The goal here is to normalize both vectors by restricting them to the same subspace; by removing components of the same vectors, we effectively project them into the subspace $S_i$ that is the orthogonal complement of the span of the first $i-1$ vectors, $\text{ span}(b_1, \cdots, b_{i-1})$. This allows us to ensure an ordering using a meaningful measure of length, since the vectors are restricted to the same subspace and therefore have equal rank.

This gives us our ordering condition; we want the first vector to be at most the second vector by the measures we have devised:

$$\lVert {b_i^*} \rVert \le \lVert b^*_{i+1} + \mu_{(i+1)i} b^*_i \rVert$$

The constraint here turns out to be too loose to ensure convergence in polynomial time, so in practice we want the difference between the measures to be larger. It suffices to require that the first vector is at most a small multiple $\delta$ of the second, where it turns out ³ that any $ 1 < \delta < 4 $ will do. For simplicity, we set $\delta = \frac{4}{3}$.

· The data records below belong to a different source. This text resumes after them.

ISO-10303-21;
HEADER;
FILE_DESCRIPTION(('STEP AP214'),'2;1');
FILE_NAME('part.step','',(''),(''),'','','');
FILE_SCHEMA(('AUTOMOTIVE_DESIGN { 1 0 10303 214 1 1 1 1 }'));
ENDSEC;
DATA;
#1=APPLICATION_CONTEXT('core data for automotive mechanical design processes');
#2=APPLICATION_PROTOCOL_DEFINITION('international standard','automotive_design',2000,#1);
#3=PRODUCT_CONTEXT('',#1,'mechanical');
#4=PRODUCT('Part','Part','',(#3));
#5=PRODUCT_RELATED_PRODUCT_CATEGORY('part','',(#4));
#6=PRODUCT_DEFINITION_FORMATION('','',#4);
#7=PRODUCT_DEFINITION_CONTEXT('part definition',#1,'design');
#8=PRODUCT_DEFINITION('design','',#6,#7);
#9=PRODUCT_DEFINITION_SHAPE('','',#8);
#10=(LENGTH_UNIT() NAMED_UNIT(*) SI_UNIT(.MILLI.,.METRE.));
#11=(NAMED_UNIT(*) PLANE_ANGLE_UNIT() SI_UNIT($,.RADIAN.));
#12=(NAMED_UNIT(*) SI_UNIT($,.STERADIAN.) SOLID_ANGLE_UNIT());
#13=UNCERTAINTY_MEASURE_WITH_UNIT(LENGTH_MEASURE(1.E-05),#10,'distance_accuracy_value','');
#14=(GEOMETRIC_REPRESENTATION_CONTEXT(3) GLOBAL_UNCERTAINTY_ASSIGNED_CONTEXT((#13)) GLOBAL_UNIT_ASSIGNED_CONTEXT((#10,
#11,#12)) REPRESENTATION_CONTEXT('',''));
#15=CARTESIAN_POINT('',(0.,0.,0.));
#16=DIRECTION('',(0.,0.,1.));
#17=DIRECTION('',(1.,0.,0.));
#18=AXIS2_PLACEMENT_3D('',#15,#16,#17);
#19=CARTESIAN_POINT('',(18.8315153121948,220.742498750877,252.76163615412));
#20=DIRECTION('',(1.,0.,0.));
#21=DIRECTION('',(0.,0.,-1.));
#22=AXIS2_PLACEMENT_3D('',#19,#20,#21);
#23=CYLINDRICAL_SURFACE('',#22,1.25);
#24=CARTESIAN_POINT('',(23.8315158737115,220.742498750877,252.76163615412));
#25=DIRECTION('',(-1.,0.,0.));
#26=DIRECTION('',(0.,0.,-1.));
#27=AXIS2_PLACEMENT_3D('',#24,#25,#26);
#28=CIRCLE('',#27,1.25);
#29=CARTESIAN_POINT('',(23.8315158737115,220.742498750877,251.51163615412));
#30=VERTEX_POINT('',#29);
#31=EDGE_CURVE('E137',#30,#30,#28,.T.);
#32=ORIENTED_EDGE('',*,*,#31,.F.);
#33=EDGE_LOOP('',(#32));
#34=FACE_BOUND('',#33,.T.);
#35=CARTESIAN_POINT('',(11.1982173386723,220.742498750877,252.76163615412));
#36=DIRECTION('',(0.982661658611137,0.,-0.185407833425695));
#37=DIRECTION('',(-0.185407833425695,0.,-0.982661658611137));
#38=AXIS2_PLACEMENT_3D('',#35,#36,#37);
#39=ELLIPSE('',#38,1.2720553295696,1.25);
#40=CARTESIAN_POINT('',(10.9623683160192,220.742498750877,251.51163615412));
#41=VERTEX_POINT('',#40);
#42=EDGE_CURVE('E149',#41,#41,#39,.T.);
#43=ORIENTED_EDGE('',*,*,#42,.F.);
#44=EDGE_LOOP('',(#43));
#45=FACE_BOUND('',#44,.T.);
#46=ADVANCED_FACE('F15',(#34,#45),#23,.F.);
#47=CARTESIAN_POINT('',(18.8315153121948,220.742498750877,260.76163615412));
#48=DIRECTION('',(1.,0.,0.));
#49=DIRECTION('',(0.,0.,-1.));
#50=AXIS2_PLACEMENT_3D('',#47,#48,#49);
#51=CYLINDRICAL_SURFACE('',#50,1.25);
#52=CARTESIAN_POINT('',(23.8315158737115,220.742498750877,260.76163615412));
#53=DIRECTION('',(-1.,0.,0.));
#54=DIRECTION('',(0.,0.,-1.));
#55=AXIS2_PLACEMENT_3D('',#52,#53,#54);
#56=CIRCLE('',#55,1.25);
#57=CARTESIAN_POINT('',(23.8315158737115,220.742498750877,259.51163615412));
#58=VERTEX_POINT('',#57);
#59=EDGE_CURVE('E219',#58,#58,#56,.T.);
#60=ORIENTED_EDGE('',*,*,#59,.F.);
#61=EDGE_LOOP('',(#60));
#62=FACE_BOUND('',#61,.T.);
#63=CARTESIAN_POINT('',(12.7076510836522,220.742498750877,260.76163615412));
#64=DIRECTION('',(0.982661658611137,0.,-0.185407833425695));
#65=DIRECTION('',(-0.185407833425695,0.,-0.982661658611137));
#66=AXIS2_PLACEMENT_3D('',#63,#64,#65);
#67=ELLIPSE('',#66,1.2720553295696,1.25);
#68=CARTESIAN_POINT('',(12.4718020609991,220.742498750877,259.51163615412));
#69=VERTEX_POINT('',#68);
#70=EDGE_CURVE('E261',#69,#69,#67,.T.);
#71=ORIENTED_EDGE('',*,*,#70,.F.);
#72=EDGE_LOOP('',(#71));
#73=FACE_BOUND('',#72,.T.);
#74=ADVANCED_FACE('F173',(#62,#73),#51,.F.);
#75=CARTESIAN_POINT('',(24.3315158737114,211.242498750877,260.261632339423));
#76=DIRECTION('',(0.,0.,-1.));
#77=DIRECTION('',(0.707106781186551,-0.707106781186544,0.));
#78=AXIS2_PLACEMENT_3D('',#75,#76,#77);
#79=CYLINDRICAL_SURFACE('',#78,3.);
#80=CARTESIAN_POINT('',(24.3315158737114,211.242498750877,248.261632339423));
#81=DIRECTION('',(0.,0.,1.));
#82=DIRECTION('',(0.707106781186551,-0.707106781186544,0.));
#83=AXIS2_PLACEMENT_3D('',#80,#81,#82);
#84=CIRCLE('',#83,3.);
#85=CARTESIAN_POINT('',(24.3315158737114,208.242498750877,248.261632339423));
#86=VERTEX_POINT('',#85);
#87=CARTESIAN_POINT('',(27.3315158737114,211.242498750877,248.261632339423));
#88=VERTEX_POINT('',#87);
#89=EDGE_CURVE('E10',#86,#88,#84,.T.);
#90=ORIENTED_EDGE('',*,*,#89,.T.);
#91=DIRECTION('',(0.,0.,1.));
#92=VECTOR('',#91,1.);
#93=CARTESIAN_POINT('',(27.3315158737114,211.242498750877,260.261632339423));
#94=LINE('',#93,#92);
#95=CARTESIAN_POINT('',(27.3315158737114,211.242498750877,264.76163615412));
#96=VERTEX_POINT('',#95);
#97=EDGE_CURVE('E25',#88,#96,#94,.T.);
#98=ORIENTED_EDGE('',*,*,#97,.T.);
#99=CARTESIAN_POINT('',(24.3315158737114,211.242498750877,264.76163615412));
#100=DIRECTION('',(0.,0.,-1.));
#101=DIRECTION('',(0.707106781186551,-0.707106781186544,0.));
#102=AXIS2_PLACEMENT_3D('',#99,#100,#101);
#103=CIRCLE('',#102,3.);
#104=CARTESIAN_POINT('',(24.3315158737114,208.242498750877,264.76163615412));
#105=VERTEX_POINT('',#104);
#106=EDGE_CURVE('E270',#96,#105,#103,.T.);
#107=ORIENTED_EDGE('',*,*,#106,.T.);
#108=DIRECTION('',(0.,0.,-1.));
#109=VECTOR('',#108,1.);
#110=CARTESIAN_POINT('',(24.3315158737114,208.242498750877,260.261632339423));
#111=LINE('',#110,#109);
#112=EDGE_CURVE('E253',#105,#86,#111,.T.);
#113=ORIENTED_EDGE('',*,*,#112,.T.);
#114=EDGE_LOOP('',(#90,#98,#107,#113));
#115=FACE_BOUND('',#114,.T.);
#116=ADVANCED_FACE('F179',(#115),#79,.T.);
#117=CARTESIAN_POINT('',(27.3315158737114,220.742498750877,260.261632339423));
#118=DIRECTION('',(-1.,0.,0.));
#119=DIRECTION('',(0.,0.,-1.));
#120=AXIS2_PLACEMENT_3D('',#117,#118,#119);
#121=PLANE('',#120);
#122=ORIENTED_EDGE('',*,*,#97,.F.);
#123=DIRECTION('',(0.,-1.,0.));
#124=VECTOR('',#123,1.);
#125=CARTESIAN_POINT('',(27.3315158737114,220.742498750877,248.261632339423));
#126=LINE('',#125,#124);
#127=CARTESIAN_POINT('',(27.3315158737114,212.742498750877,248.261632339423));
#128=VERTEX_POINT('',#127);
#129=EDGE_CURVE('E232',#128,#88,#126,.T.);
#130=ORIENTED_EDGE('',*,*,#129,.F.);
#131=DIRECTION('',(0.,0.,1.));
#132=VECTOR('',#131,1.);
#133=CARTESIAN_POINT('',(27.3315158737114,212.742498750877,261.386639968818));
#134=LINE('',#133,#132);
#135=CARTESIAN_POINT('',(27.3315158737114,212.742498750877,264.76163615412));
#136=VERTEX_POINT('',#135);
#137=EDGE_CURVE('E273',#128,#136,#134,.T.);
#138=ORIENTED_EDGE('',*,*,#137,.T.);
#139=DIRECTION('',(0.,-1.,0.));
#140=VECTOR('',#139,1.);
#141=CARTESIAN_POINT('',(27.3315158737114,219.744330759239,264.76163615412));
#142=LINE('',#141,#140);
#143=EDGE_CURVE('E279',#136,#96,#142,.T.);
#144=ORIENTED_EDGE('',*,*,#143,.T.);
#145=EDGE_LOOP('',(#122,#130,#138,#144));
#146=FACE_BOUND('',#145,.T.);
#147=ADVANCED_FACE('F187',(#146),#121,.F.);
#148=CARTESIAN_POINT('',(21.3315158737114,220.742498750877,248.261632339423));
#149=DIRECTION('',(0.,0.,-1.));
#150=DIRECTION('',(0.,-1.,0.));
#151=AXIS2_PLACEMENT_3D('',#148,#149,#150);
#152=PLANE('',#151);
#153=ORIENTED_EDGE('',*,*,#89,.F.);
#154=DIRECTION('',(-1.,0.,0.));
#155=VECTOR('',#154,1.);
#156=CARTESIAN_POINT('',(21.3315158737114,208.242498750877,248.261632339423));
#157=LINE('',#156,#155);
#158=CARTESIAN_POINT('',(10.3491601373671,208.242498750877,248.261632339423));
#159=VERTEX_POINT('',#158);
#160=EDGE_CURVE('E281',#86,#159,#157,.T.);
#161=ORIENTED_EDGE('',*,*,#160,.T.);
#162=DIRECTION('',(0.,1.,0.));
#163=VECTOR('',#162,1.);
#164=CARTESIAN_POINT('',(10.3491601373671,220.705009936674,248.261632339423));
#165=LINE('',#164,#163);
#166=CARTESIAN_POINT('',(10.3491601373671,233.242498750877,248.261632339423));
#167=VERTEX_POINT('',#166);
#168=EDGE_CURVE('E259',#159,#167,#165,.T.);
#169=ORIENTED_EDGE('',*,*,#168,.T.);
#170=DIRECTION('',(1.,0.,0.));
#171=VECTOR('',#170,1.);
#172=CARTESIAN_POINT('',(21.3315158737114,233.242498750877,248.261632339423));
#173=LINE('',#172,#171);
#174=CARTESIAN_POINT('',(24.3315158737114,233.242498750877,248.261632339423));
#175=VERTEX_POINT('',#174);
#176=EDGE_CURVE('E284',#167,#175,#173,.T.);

$$\lVert {b_i^*} \rVert \le \delta \lVert b^*_{i+1} + \mu_{(i+1)i} b^*_i \rVert$$

The complete algorithm

Given the two conditions for a reduced basis, the final algorithm pops out almost trivially; starting from the given basis, apply the reduction step. After the reduction step has been performed, check consecutive reduced basis vectors to see if they satisfy the ordering constraint. If they do not, swap the two vectors so that they do. If at the end of this, the reduction constraint has been satisfied, we are done. Otherwise, we repeat the whole thing (reduction, swap if necessary, repeat) until both constraints are satisfied. The original paper ³ proves that this procedure is guaranteed to terminate in polynomial time, resulting in a reduced basis. It also proves additional constraints on the basis, showing that it is “short” in the sense that the shortest vector in the basis is at most exponentially larger than the shortest vector in the entire lattice. The exponential bound may not seem all that impressive, but it tends to work fairly well in practice, and we will see later that it is good enough to solve other problems of interest.